What if the chaos sorcerers used their powers to convince the templars that the emperor wanted them to join chaos. the idea of torturing them is good. anyway, i could probably use the upgrade kit to show that my chaos guys salvaged the Templars armour, tanks and weapons. still, i would love the idea of Chaos Templars.


----------



## mcmuffin (Mar 1, 2009)

Zondarian said:


> To me anyone can turn traitor. If the Chaos Gods can turn half the Emperor's sons against him I think he will just about be able to manage a few space marines. If you like it, go for it, you should write your fluff for you, not anyone else.


thanks for that. i see your way of thinking. the word bearers turned traitor, and they were the emperors most zealous fighters, so the templars can too.


----------



## BlackApostleVilhelm (May 14, 2008)

the only marines i cant see turning traitor are the grey knights. your templars can turn traitor due to circumstance such as the soul drinkers. have them get forced into a situation where they would either A) have to compromise their honor to stay loyal (something i highly doubt the templars will do) such as a comfrontation with the inquisition or mechanicus or B) not compromise their honor and do something they will later regret to said force they come into confrontation with making them turn traitor. or they could get stuck on a chaos infested world and begin to worship Malal so that they could better destroy chaos.....wait that's a good one


----------



## Engelus (Jul 26, 2007)

BlackApostleVilhelm said:


> the only marines i cant see turning traitor are the grey knights. your templars can turn traitor due to circumstance such as the soul drinkers. have them get forced into a situation where they would either A) have to compromise their honor to stay loyal (something i highly doubt the templars will do) such as a comfrontation with the inquisition or mechanicus or B) not compromise their honor and do something they will later regret to said force they come into confrontation with making them turn traitor. or they could get stuck on a chaos infested world and begin to worship Malal so that they could better destroy chaos.....wait that's a good one


A) they have confrontations with the inquisition all the time, and they kill any poor son of a bitch that questions thier loyalty.

B) they would kill inquisition that would stop them from continuing thier crusade for the emperor.

there is a reason they are the only chapter still crusading, because they are all batshit zealous crazy for the emperor, and nothing can stop them from continuing their crusade for the emperor. 
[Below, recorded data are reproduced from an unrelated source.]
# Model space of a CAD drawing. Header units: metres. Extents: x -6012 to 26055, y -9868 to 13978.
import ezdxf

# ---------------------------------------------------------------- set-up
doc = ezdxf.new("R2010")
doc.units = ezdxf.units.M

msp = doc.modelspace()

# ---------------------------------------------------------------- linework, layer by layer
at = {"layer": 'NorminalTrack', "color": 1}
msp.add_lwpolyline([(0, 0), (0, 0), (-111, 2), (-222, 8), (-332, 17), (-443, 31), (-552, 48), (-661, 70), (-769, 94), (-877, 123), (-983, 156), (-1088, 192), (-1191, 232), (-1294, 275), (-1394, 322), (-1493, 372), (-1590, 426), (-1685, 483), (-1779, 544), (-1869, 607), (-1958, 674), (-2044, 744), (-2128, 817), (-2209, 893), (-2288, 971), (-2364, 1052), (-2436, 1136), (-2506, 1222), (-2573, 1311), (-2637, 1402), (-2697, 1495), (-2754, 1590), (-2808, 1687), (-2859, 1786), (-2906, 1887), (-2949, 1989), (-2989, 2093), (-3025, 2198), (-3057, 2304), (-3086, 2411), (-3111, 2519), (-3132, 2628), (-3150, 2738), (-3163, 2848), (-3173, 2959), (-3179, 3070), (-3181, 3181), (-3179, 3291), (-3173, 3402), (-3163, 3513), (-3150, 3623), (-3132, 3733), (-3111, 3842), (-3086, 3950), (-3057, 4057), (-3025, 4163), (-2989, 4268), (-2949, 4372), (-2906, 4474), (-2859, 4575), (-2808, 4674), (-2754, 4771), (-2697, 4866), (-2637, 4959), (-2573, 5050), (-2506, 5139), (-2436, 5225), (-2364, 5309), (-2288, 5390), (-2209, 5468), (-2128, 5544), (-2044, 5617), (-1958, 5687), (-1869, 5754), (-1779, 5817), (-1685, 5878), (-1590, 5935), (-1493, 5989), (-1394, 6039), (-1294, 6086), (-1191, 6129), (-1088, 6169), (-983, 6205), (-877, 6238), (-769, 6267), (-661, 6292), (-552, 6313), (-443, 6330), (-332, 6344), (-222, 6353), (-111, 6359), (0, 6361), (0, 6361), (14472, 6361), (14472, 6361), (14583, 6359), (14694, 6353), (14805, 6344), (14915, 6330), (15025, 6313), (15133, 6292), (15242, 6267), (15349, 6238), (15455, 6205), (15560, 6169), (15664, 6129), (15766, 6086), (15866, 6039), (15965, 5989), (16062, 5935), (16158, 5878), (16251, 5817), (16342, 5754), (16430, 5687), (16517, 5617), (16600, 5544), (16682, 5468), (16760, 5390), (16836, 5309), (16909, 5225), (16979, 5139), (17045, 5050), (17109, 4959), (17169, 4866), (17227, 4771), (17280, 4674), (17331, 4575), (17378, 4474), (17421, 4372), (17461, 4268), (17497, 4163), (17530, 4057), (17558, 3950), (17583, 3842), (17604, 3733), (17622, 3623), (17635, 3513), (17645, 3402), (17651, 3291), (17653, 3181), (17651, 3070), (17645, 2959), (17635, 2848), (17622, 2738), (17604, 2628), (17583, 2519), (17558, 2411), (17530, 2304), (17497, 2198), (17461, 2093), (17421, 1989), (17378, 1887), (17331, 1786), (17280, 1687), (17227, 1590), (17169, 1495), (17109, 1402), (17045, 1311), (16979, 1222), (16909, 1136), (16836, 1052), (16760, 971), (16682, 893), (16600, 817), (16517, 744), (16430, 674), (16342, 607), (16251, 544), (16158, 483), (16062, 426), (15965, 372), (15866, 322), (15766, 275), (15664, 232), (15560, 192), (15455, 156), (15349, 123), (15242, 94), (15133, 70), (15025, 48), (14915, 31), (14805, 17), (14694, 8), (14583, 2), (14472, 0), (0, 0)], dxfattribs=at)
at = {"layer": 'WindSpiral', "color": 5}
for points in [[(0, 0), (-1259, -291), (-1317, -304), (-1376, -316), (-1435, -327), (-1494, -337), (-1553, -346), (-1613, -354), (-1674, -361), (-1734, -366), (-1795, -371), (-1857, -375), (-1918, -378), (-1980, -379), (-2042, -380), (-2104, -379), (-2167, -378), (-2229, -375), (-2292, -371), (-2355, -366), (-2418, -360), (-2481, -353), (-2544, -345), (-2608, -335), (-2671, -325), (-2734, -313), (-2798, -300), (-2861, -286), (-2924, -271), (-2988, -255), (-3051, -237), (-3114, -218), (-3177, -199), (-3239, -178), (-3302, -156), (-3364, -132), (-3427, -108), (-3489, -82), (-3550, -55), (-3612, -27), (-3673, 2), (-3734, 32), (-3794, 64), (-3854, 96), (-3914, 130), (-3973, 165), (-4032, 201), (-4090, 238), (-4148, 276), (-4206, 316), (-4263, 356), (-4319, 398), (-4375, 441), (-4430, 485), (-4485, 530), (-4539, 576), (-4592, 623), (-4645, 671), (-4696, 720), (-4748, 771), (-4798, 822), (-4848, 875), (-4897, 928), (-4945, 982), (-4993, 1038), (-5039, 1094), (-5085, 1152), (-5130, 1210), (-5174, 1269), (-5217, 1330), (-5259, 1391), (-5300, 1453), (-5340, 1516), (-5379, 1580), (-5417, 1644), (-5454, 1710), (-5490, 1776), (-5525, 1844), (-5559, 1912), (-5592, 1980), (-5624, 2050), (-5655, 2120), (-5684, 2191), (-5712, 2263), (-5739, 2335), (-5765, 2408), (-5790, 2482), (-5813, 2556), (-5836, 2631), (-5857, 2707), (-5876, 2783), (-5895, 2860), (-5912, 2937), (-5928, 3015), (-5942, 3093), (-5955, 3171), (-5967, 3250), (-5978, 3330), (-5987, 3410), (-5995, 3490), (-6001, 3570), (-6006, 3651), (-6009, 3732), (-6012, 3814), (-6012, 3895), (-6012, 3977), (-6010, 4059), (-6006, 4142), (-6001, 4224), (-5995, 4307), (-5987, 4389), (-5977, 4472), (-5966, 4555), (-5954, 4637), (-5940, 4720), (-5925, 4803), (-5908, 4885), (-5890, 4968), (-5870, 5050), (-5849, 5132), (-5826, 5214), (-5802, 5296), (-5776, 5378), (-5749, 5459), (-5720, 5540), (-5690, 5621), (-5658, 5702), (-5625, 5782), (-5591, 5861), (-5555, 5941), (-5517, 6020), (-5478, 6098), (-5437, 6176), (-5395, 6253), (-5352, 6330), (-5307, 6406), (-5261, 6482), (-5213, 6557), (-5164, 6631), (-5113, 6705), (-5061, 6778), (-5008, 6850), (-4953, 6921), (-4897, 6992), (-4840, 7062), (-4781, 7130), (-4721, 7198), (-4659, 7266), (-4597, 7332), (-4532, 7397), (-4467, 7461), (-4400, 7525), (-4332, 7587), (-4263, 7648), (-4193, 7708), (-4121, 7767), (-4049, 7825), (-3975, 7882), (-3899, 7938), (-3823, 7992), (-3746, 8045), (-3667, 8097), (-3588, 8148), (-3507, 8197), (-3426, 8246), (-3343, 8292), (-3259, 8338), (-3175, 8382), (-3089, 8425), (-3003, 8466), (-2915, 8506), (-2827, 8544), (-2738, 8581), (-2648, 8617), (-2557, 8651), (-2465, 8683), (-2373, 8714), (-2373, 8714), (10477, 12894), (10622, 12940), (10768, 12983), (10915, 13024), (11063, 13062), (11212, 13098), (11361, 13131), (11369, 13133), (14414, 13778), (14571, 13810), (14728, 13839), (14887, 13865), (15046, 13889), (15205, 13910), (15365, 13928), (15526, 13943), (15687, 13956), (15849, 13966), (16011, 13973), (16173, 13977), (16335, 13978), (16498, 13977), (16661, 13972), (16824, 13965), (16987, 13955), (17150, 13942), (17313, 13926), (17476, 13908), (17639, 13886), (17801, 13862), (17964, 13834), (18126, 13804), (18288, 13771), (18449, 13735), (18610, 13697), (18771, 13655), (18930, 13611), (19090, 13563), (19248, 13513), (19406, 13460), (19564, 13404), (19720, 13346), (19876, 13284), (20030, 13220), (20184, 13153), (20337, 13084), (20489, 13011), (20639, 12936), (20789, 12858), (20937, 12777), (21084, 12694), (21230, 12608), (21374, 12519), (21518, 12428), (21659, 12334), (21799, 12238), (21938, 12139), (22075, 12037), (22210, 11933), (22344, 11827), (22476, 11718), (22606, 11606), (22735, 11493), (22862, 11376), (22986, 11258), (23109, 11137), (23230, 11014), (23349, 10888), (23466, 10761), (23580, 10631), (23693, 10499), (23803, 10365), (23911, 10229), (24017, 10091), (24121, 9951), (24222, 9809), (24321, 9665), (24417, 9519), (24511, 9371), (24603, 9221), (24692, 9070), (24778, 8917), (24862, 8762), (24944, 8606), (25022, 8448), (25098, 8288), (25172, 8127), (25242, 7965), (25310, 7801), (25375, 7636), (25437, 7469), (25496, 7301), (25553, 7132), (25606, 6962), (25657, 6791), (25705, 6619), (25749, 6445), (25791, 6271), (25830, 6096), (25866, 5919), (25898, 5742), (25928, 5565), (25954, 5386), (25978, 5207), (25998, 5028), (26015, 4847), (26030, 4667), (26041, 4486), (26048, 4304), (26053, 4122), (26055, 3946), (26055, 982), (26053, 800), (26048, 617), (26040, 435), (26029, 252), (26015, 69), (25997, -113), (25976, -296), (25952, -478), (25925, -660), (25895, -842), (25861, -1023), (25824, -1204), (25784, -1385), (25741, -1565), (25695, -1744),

they would die before betraying the emperor.


----------



## Zondarian (Nov 17, 2007)

Engelus you are generalising way too much here. As a group they are very loyal and zealous, but as individuals they not be such fans of the Emperor. Once one person has doubts he can subtly turn an entire team until you have hundreds of marines turning. They could turn, and I am willing to bet that some have turned over the years.


----------



## normtheunsavoury (Mar 20, 2008)

Looking at the way the Black Templars are organised I would think that they are in a prime position to have parts of their chapter turn traitor. They refuse to adhere to the Codex Astarts, they are spread out throughout the galaxy and no one really knows how many of them there really are.
A Chapter Keep could become isolated or a small crusade force lost in the warp, there are many different ways that they could be lured by the forces of chaos.
They may well be fiercly loyal to the Emperor, but so are all the other loyalist chapters. The only chapter that can truly claim total loyalty is the Grey Knights as they have never had a single marine go traitor.


----------



## kungfoomasta (May 8, 2008)

regardless of the way you want to turn the marines traitor i want to see a good story behind it, (love storytime) and if you dont feel like writeing the fluff you can always claim that your marines have a similar fashion sence to the templar. come on people who wouldn't want some of those robes.


----------



## lostprophet (Jun 8, 2008)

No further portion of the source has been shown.